Production of high resolution patterned images used in the fabrication of miniaturized circuits depends upon the exposure of selected portions of a radiation curable material, commonly called a resist, to incident radiation which initiates reactions within the exposed portion of the resist causing it to become more or less easily removed with respect to the unexposed portion when developed. Typically, resists are coated onto substrates composed of materials used in the manufacture of large scale integration devices, etc. For polymeric resists, the reactions are generally either crosslinking or chain scission. If the reaction is crosslinking, the polymer material is generally called, following photographic terminology, a negative resist because the crosslinking renders the exposed portion relatively insoluble with respect to the unexposed portion and permits removal of the unexposed portion of the resist during development. After development, the now bared substrate may be modified by removal of substrate material or by deposition of new material. In production of typical devices, for example, semiconductor integrated circuits, the described processing sequence will be repeated several times, i.e., the crosslinked resist is stripped off and after subsequent processing of the substrate layers, a new layer of resist is put down and exposed, etc.
Selected portions of the resist coated substrate may be exposed in any of several ways. For example, selected portions of the resist may be sequentially illuminated by a scanning radiation source. Alternatively, a radiation source that exposes all of a mask covered with a pattern formed by material opaque to the radiation may be used to illuminate selected portions of the resist material. The radiation used may be electrons or electromagnetic radiation in the visible, ultraviolet or x-ray region. X-rays and electrons, having wavelengths shorter than radiation in the visible or ultraviolet regions, afford the promise of higher resolution patterned images. X-ray lithography is one of a number of technologies currently being investigated for the fabrication of very high resolution semiconductor devices. In addition to the promise of high resolution, x-ray lithographic systems are potentially both inexpensive and comparable in simplicity with optical proximity printing systems. The entire wafer can be exposed in one step and resolution is not limited by scattering, diffraction effects, standing waves or reflections from the substrate.
A successful lithographic system depends upon the availability of a resist having both good sensitivity to the incident radiation and good adhesion to the substrate. The former requirement is imposed by the necessity of having rapid throughput and the latter requirement is imposed by processing steps including resist pattern development and substrate etching. The first x-ray resist materials were generally polymers such as poly(methyl methacrylate) and poly(glycidyl methacrylate-co-ethyl acrylate) developed primarily as electron beam resists. The latter material, often referred to as COP, has excellent sensitivity to electron beam radiation and good adhesion properties.

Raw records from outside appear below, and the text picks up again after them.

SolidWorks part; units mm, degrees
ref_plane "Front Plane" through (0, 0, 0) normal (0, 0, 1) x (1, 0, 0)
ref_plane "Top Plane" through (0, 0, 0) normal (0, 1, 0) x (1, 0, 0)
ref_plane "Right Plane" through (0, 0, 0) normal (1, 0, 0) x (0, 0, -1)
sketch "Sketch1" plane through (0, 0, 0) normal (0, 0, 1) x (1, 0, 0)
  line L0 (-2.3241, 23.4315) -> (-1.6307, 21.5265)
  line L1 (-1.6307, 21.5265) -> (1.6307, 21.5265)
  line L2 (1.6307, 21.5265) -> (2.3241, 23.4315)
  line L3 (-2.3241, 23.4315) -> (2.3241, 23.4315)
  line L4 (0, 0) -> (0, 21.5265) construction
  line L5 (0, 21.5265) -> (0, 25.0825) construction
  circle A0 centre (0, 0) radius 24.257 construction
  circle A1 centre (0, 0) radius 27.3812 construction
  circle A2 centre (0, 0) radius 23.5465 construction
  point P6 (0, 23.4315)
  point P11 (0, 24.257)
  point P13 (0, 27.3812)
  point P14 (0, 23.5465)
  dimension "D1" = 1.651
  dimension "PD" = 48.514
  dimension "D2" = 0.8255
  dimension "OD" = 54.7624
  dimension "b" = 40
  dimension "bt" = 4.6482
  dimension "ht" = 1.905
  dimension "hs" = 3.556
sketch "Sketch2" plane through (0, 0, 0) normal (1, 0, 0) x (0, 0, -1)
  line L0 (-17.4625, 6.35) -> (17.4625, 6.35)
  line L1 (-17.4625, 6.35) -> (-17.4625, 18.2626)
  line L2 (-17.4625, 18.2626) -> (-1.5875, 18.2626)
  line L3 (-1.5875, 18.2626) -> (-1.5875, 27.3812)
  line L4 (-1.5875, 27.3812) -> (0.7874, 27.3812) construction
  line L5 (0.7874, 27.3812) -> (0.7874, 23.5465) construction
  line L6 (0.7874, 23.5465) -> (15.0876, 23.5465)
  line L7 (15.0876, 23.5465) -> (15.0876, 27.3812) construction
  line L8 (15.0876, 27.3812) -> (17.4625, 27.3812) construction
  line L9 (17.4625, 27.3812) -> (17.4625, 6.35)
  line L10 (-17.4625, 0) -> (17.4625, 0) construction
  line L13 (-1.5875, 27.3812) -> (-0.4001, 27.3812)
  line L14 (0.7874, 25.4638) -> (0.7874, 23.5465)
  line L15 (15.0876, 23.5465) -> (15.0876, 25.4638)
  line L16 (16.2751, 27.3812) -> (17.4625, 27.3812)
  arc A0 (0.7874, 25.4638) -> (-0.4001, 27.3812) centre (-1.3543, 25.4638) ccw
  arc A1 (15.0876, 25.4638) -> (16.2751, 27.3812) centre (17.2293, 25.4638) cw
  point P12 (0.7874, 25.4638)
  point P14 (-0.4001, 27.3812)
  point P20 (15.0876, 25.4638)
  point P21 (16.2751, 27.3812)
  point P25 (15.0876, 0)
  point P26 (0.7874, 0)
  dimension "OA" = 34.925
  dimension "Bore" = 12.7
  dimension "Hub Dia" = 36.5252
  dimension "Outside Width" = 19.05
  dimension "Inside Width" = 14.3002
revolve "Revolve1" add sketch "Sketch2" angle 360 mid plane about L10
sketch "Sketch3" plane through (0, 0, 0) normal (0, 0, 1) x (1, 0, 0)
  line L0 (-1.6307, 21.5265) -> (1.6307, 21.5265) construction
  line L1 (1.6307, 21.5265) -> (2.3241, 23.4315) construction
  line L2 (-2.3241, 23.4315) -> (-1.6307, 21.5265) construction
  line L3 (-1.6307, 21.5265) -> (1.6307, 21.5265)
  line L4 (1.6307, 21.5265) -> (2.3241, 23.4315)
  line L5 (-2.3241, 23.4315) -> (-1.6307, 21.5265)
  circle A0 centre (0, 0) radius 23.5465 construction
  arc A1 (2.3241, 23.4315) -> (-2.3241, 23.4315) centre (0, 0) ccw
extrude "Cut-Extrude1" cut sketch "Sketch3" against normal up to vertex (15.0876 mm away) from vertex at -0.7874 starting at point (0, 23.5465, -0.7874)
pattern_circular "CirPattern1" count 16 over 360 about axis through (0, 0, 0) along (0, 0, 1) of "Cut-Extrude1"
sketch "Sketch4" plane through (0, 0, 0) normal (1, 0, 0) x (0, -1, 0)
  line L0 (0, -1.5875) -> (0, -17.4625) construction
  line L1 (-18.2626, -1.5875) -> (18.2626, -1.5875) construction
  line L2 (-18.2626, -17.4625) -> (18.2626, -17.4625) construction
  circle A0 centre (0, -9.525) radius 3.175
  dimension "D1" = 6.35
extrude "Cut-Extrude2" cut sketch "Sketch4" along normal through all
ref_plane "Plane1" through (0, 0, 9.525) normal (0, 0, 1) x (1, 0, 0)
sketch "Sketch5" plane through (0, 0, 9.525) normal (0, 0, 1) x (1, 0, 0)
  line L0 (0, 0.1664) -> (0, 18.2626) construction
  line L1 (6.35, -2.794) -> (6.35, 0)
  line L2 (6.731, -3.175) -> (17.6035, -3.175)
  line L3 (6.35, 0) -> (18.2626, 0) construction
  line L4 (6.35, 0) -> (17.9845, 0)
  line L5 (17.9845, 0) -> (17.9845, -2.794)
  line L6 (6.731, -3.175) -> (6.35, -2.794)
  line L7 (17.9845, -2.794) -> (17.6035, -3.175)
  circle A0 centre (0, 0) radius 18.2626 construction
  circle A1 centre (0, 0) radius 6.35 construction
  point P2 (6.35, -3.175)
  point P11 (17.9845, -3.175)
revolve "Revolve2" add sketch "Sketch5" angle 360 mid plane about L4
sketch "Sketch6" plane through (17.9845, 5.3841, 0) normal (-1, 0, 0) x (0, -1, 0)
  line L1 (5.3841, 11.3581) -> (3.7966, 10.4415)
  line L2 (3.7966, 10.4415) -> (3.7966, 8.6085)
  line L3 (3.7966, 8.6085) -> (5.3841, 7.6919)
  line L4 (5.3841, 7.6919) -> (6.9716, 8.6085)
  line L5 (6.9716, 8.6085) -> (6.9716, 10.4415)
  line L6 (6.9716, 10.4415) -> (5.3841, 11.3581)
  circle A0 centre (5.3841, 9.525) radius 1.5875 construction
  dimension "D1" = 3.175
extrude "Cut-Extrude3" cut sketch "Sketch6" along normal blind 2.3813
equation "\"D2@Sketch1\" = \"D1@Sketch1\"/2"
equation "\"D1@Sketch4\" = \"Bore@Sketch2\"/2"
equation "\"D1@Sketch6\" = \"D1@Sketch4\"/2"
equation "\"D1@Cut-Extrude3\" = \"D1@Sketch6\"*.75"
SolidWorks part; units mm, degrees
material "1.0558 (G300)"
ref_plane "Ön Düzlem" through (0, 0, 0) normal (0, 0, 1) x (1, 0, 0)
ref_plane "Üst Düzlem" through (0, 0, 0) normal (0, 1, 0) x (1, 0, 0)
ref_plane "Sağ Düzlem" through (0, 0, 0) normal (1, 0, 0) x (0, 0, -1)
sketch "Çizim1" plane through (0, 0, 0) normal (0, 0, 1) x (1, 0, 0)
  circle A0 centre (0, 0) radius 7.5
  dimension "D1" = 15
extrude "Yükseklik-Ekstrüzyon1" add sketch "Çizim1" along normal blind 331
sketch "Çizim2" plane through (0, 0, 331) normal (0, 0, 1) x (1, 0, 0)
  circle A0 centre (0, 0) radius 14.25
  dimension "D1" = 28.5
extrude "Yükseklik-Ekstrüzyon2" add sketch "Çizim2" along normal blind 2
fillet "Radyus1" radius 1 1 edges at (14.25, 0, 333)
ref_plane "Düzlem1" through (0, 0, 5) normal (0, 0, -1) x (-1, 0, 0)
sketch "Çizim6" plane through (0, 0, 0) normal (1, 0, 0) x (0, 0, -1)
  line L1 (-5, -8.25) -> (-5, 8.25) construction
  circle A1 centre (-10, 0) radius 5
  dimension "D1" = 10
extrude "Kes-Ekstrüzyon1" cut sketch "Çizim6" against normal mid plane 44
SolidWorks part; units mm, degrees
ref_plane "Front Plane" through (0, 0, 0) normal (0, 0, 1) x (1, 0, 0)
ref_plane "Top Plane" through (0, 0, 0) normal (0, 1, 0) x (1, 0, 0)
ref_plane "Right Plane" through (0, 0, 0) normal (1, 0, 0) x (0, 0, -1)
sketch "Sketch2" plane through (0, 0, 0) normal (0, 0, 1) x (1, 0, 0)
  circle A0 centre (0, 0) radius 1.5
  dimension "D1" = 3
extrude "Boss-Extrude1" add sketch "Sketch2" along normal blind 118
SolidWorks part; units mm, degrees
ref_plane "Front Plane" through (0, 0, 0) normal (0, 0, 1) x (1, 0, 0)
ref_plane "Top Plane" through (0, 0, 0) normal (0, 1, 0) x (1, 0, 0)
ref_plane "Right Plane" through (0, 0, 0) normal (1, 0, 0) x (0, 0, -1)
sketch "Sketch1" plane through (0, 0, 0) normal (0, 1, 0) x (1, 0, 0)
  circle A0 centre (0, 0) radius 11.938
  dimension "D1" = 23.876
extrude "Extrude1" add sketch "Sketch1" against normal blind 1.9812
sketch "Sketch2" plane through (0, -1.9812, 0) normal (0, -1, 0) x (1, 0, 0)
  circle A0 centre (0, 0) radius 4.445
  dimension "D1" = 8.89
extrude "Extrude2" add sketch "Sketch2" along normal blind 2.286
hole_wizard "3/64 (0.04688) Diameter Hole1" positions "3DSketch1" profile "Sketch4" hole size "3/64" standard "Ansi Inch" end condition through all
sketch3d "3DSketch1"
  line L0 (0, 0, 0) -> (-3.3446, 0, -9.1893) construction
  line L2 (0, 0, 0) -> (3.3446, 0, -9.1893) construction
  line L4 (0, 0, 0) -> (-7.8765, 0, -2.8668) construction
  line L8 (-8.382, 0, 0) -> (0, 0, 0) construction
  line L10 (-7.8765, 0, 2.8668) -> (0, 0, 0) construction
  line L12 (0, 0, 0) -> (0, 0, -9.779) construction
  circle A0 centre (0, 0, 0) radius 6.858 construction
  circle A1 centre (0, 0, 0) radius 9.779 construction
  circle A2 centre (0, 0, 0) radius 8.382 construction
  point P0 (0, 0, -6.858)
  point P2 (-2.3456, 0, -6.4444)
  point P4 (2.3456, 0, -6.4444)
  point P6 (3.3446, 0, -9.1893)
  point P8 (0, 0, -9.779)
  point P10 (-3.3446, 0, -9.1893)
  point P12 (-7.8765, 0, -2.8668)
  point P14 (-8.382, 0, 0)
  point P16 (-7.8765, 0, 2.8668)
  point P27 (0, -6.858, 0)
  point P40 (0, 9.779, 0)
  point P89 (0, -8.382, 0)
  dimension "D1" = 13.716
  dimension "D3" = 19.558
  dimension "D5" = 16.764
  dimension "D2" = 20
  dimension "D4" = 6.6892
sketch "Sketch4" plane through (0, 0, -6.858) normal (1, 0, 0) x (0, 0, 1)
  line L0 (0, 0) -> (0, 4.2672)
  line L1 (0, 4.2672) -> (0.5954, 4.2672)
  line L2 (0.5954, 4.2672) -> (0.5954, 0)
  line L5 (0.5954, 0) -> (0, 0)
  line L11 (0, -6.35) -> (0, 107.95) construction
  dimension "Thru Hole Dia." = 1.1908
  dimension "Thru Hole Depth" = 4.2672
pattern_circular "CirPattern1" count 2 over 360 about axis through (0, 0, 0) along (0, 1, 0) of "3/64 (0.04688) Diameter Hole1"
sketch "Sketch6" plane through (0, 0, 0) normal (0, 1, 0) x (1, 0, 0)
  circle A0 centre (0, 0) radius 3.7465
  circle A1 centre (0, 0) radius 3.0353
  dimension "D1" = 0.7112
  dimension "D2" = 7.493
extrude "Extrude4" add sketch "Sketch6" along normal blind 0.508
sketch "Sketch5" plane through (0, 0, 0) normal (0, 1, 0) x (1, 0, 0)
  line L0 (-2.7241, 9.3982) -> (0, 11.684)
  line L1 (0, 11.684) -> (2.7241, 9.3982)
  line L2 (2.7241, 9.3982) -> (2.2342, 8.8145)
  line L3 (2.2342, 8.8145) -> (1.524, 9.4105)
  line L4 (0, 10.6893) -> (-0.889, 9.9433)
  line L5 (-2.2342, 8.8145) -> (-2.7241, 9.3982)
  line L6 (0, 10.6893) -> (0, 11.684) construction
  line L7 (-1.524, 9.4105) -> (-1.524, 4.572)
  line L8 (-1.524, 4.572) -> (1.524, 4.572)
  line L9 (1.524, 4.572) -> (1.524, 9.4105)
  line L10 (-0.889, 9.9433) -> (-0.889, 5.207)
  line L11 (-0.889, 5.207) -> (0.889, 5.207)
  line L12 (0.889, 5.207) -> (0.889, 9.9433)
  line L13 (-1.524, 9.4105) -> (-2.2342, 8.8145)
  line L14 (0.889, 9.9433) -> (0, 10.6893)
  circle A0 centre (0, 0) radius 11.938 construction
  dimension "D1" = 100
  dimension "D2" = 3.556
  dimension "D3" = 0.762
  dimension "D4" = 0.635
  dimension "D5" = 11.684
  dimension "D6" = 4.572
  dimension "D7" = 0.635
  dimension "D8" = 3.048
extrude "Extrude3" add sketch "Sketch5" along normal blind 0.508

However, these materials generally have a sensitivity to x-ray radiation that is too low for practical x-ray lithographic systems and resists were developed specifically for x-ray lithography. U.S. Pat. No. 4,061,829, issued on Dec. 6, 1977, to G. N. Taylor describes a class of chlorinated or brominated polymeric negative resists for x-ray lithography. Good sensitivity to x-rays is obtained by these resists primarily, it is believed, because chlorine and bromine atoms have a generally high mass absorption coefficient for x-rays and can be incorporated into the polymer in high weight percents. Within the class of poly(chloroalkyl acrylates) described, poly(2,3-dichloro-1-propyl acrylate), commonly referred to as DCPA, was found to exhibit the best overall properties as an x-ray resist. Improvement in both the resolving and adhesive properties of the resist would be particularly desirable for the cases when 1 micron initial and 0.5 micron final thickness films of DCPA are required to obtain better step coverage on integrated circuit wafers than thinner films would provide.
It might be thought possible to improve both adhesion and resolution by simply mixing DCPA with another polymer or x-ray resist having either or both better adhesion and resolution. However, mixtures of two or more polymers generally are not compatible. Phase separation of the polymers occurs when they are not compatible. Compatibility of any polymer mixture used as a resist material is important because the phase-separated regions are likely to lead to defects which can decrease resolution or adhesion of the final patterned film. In the phase separated regions there are, in effect, two resists present and the different radiation sensitivities of the two resists can result in different amounts of crosslinking in exposed areas. After development, there may be undeveloped spots, opaque spots or edge roughness in the pattern.
It is generally difficult, if not impossible, to predict the compatibility of those polymers that do form compatible mixtures. This difficulty becomes more pronounced when one or more of the polymers in the mixture has a high weight average molecular weight (M.sub.w). DCPA, when used as an x-ray resist, has M.sub.w desirably between 300,000 and 3,500,000 g/mole.